** Opening Exercise data block **

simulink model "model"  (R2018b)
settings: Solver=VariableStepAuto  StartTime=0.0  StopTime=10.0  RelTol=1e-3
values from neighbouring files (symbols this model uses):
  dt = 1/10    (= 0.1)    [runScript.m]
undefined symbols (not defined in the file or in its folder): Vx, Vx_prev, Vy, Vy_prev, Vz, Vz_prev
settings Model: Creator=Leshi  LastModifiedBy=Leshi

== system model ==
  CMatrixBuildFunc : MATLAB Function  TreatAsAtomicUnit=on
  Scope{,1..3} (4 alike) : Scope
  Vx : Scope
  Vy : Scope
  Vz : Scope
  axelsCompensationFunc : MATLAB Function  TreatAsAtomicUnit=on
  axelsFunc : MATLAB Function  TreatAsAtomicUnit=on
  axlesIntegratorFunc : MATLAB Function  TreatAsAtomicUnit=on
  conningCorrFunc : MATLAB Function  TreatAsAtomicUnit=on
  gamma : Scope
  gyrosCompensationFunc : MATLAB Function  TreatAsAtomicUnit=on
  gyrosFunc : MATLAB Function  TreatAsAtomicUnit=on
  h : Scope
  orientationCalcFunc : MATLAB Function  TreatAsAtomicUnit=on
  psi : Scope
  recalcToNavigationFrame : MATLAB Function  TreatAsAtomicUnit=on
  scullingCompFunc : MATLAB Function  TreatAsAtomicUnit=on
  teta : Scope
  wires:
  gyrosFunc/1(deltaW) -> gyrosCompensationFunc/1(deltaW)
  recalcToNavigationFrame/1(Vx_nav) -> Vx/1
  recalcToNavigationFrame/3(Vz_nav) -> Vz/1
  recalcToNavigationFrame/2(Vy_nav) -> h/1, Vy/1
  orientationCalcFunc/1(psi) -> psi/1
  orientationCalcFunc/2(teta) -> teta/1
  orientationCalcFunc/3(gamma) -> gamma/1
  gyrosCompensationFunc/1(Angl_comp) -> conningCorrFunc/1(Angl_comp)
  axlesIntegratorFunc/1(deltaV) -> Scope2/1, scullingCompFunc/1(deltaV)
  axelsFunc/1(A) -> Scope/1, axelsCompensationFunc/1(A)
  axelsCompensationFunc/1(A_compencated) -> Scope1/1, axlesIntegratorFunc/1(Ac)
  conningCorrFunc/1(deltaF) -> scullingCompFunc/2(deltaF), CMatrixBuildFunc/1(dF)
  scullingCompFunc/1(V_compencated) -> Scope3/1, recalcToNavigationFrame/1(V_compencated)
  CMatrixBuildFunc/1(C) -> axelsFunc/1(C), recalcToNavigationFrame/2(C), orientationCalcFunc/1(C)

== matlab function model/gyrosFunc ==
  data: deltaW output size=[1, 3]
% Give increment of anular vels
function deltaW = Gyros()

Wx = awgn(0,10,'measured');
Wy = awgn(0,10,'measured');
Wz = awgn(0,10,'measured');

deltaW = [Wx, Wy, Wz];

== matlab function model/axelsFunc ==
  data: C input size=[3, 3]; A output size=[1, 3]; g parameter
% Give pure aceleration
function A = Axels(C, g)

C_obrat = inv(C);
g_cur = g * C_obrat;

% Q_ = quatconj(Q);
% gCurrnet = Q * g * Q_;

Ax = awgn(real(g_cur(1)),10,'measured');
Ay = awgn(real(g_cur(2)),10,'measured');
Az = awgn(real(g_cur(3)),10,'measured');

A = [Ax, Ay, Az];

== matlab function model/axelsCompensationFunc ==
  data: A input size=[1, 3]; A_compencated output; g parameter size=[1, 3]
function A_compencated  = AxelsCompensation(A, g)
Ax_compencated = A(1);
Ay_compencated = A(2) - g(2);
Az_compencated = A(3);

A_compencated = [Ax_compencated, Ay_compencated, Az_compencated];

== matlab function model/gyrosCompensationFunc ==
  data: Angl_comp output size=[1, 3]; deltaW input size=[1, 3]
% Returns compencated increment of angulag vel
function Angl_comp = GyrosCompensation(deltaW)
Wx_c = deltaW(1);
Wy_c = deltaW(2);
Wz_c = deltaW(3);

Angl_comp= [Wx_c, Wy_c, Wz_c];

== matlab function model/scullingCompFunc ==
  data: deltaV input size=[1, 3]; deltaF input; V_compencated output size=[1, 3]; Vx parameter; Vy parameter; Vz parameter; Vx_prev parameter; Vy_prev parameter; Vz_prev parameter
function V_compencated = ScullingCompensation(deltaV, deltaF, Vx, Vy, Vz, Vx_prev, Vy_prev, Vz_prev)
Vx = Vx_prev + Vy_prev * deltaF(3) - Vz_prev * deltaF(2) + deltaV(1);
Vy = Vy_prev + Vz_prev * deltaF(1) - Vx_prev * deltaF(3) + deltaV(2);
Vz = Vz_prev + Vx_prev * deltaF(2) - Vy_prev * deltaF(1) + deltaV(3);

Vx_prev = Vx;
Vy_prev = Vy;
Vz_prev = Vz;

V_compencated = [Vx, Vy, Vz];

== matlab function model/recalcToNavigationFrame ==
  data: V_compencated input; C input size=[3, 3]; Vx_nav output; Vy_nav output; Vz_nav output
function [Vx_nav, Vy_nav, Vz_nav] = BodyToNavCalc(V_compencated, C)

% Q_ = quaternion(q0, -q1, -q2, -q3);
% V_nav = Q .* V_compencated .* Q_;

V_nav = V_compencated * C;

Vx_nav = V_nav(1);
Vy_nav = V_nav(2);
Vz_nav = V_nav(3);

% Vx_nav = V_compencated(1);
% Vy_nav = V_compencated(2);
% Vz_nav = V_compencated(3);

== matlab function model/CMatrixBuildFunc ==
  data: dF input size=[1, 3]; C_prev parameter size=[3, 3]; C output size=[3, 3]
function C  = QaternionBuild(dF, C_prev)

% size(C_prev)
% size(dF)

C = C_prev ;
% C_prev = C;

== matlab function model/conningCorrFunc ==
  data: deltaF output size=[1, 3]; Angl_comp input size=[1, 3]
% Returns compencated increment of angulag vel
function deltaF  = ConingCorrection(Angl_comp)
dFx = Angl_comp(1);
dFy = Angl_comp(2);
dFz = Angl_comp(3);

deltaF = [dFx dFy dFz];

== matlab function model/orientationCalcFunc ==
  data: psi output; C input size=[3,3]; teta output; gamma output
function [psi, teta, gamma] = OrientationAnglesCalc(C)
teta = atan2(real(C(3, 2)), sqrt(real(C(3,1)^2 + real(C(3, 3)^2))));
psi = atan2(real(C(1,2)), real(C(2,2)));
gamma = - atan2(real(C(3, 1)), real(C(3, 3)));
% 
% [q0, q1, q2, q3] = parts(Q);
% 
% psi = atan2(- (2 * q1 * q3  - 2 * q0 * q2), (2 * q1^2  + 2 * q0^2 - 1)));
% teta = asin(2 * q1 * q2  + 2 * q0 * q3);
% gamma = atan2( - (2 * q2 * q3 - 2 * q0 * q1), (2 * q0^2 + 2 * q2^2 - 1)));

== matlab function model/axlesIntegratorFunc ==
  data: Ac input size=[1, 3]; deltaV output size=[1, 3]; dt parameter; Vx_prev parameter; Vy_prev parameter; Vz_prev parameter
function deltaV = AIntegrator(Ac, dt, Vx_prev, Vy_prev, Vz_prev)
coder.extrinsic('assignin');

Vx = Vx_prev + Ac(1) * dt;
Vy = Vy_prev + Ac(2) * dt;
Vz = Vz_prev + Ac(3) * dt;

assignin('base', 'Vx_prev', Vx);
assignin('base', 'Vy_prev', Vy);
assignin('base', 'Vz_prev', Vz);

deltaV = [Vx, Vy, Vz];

** Closing Exercise data block **

■ **Exercise objective**
Type the material above out again, exactly.

■ **Response to this task**
simulink model "model"  (R2018b)
settings: Solver=VariableStepAuto  StartTime=0.0  StopTime=10.0  RelTol=1e-3
values from neighbouring files (symbols this model uses):
  dt = 1/10    (= 0.1)    [runScript.m]
undefined symbols (not defined in the file or in its folder): Vx, Vx_prev, Vy, Vy_prev, Vz, Vz_prev
settings Model: Creator=Leshi  LastModifiedBy=Leshi

== system model ==
  CMatrixBuildFunc : MATLAB Function  TreatAsAtomicUnit=on
  Scope{,1..3} (4 alike) : Scope
  Vx : Scope
  Vy : Scope
  Vz : Scope
  axelsCompensationFunc : MATLAB Function  TreatAsAtomicUnit=on
  axelsFunc : MATLAB Function  TreatAsAtomicUnit=on
  axlesIntegratorFunc : MATLAB Function  TreatAsAtomicUnit=on
  conningCorrFunc : MATLAB Function  TreatAsAtomicUnit=on
  gamma : Scope
  gyrosCompensationFunc : MATLAB Function  TreatAsAtomicUnit=on
  gyrosFunc : MATLAB Function  TreatAsAtomicUnit=on
  h : Scope
  orientationCalcFunc : MATLAB Function  TreatAsAtomicUnit=on
  psi : Scope
  recalcToNavigationFrame : MATLAB Function  TreatAsAtomicUnit=on
  scullingCompFunc : MATLAB Function  TreatAsAtomicUnit=on
  teta : Scope
  wires:
  gyrosFunc/1(deltaW) -> gyrosCompensationFunc/1(deltaW)
  recalcToNavigationFrame/1(Vx_nav) -> Vx/1
  recalcToNavigationFrame/3(Vz_nav) -> Vz/1
  recalcToNavigationFrame/2(Vy_nav) -> h/1, Vy/1
  orientationCalcFunc/1(psi) -> psi/1
  orientationCalcFunc/2(teta) -> teta/1
  orientationCalcFunc/3(gamma) -> gamma/1
  gyrosCompensationFunc/1(Angl_comp) -> conningCorrFunc/1(Angl_comp)
  axlesIntegratorFunc/1(deltaV) -> Scope2/1, scullingCompFunc/1(deltaV)
  axelsFunc/1(A) -> Scope/1, axelsCompensationFunc/1(A)
  axelsCompensationFunc/1(A_compencated) -> Scope1/1, axlesIntegratorFunc/1(Ac)
  conningCorrFunc/1(deltaF) -> scullingCompFunc/2(deltaF), CMatrixBuildFunc/1(dF)
  scullingCompFunc/1(V_compencated) -> Scope3/1, recalcToNavigationFrame/1(V_compencated)
  CMatrixBuildFunc/1(C) -> axelsFunc/1(C), recalcToNavigationFrame/2(C), orientationCalcFunc/1(C)

== matlab function model/gyrosFunc ==
  data: deltaW output size=[1, 3]
% Give increment of anular vels
function deltaW = Gyros()

Wx = awgn(0,10,'measured');
Wy = awgn(0,10,'measured');
Wz = awgn(0,10,'measured');

deltaW = [Wx, Wy, Wz];

== matlab function model/axelsFunc ==
  data: C input size=[3, 3]; A output size=[1, 3]; g parameter
% Give pure aceleration
function A = Axels(C, g)

C_obrat = inv(C);
g_cur = g * C_obrat;

% Q_ = quatconj(Q);
% gCurrnet = Q * g * Q_;

Ax = awgn(real(g_cur(1)),10,'measured');
Ay = awgn(real(g_cur(2)),10,'measured');
Az = awgn(real(g_cur(3)),10,'measured');

A = [Ax, Ay, Az];

== matlab function model/axelsCompensationFunc ==
  data: A input size=[1, 3]; A_compencated output; g parameter size=[1, 3]
function A_compencated  = AxelsCompensation(A, g)
Ax_compencated = A(1);
Ay_compencated = A(2) - g(2);
Az_compencated = A(3);

A_compencated = [Ax_compencated, Ay_compencated, Az_compencated];

== matlab function model/gyrosCompensationFunc ==
  data: Angl_comp output size=[1, 3]; deltaW input size=[1, 3]
% Returns compencated increment of angulag vel
function Angl_comp = GyrosCompensation(deltaW)
Wx_c = deltaW(1);
Wy_c = deltaW(2);
Wz_c = deltaW(3);

Angl_comp= [Wx_c, Wy_c, Wz_c];

== matlab function model/scullingCompFunc ==
  data: deltaV input size=[1, 3]; deltaF input; V_compencated output size=[1, 3]; Vx parameter; Vy parameter; Vz parameter; Vx_prev parameter; Vy_prev parameter; Vz_prev parameter
function V_compencated = ScullingCompensation(deltaV, deltaF, Vx, Vy, Vz, Vx_prev, Vy_prev, Vz_prev)
Vx = Vx_prev + Vy_prev * deltaF(3) - Vz_prev * deltaF(2) + deltaV(1);
Vy = Vy_prev + Vz_prev * deltaF(1) - Vx_prev * deltaF(3) + deltaV(2);
Vz = Vz_prev + Vx_prev * deltaF(2) - Vy_prev * deltaF(1) + deltaV(3);

Vx_prev = Vx;
Vy_prev = Vy;
Vz_prev = Vz;

V_compencated = [Vx, Vy, Vz];

== matlab function model/recalcToNavigationFrame ==
  data: V_compencated input; C input size=[3, 3]; Vx_nav output; Vy_nav output; Vz_nav output
function [Vx_nav, Vy_nav, Vz_nav] = BodyToNavCalc(V_compencated, C)

% Q_ = quaternion(q0, -q1, -q2, -q3);
% V_nav = Q .* V_compencated .* Q_;

V_nav = V_compencated * C;

Vx_nav = V_nav(1);
Vy_nav = V_nav(2);
Vz_nav = V_nav(3);

% Vx_nav = V_compencated(1);
% Vy_nav = V_compencated(2);
% Vz_nav = V_compencated(3);

== matlab function model/CMatrixBuildFunc ==
  data: dF input size=[1, 3]; C_prev parameter size=[3, 3]; C output size=[3, 3]
function C  = QaternionBuild(dF, C_prev)

% size(C_prev)
% size(dF)

C = C_prev ;
% C_prev = C;

== matlab function model/conningCorrFunc ==
  data: deltaF output size=[1, 3]; Angl_comp input size=[1, 3]
% Returns compencated increment of angulag vel
function deltaF  = ConingCorrection(Angl_comp)
dFx = Angl_comp(1);
dFy = Angl_comp(2);
dFz = Angl_comp(3);

deltaF = [dFx dFy dFz];

== matlab function model/orientationCalcFunc ==
  data: psi output; C input size=[3,3]; teta output; gamma output
function [psi, teta, gamma] = OrientationAnglesCalc(C)
teta = atan2(real(C(3, 2)), sqrt(real(C(3,1)^2 + real(C(3, 3)^2))));
psi = atan2(real(C(1,2)), real(C(2,2)));
gamma = - atan2(real(C(3, 1)), real(C(3, 3)));
% 
% [q0, q1, q2, q3] = parts(Q);
% 
% psi = atan2(- (2 * q1 * q3  - 2 * q0 * q2), (2 * q1^2  + 2 * q0^2 - 1)));
% teta = asin(2 * q1 * q2  + 2 * q0 * q3);
% gamma = atan2( - (2 * q2 * q3 - 2 * q0 * q1), (2 * q0^2 + 2 * q2^2 - 1)));

== matlab function model/axlesIntegratorFunc ==
  data: Ac input size=[1, 3]; deltaV output size=[1, 3]; dt parameter; Vx_prev parameter; Vy_prev parameter; Vz_prev parameter
function deltaV = AIntegrator(Ac, dt, Vx_prev, Vy_prev, Vz_prev)
coder.extrinsic('assignin');

Vx = Vx_prev + Ac(1) * dt;
Vy = Vy_prev + Ac(2) * dt;
Vz = Vz_prev + Ac(3) * dt;

assignin('base', 'Vx_prev', Vx);
assignin('base', 'Vy_prev', Vy);
assignin('base', 'Vz_prev', Vz);

deltaV = [Vx, Vy, Vz];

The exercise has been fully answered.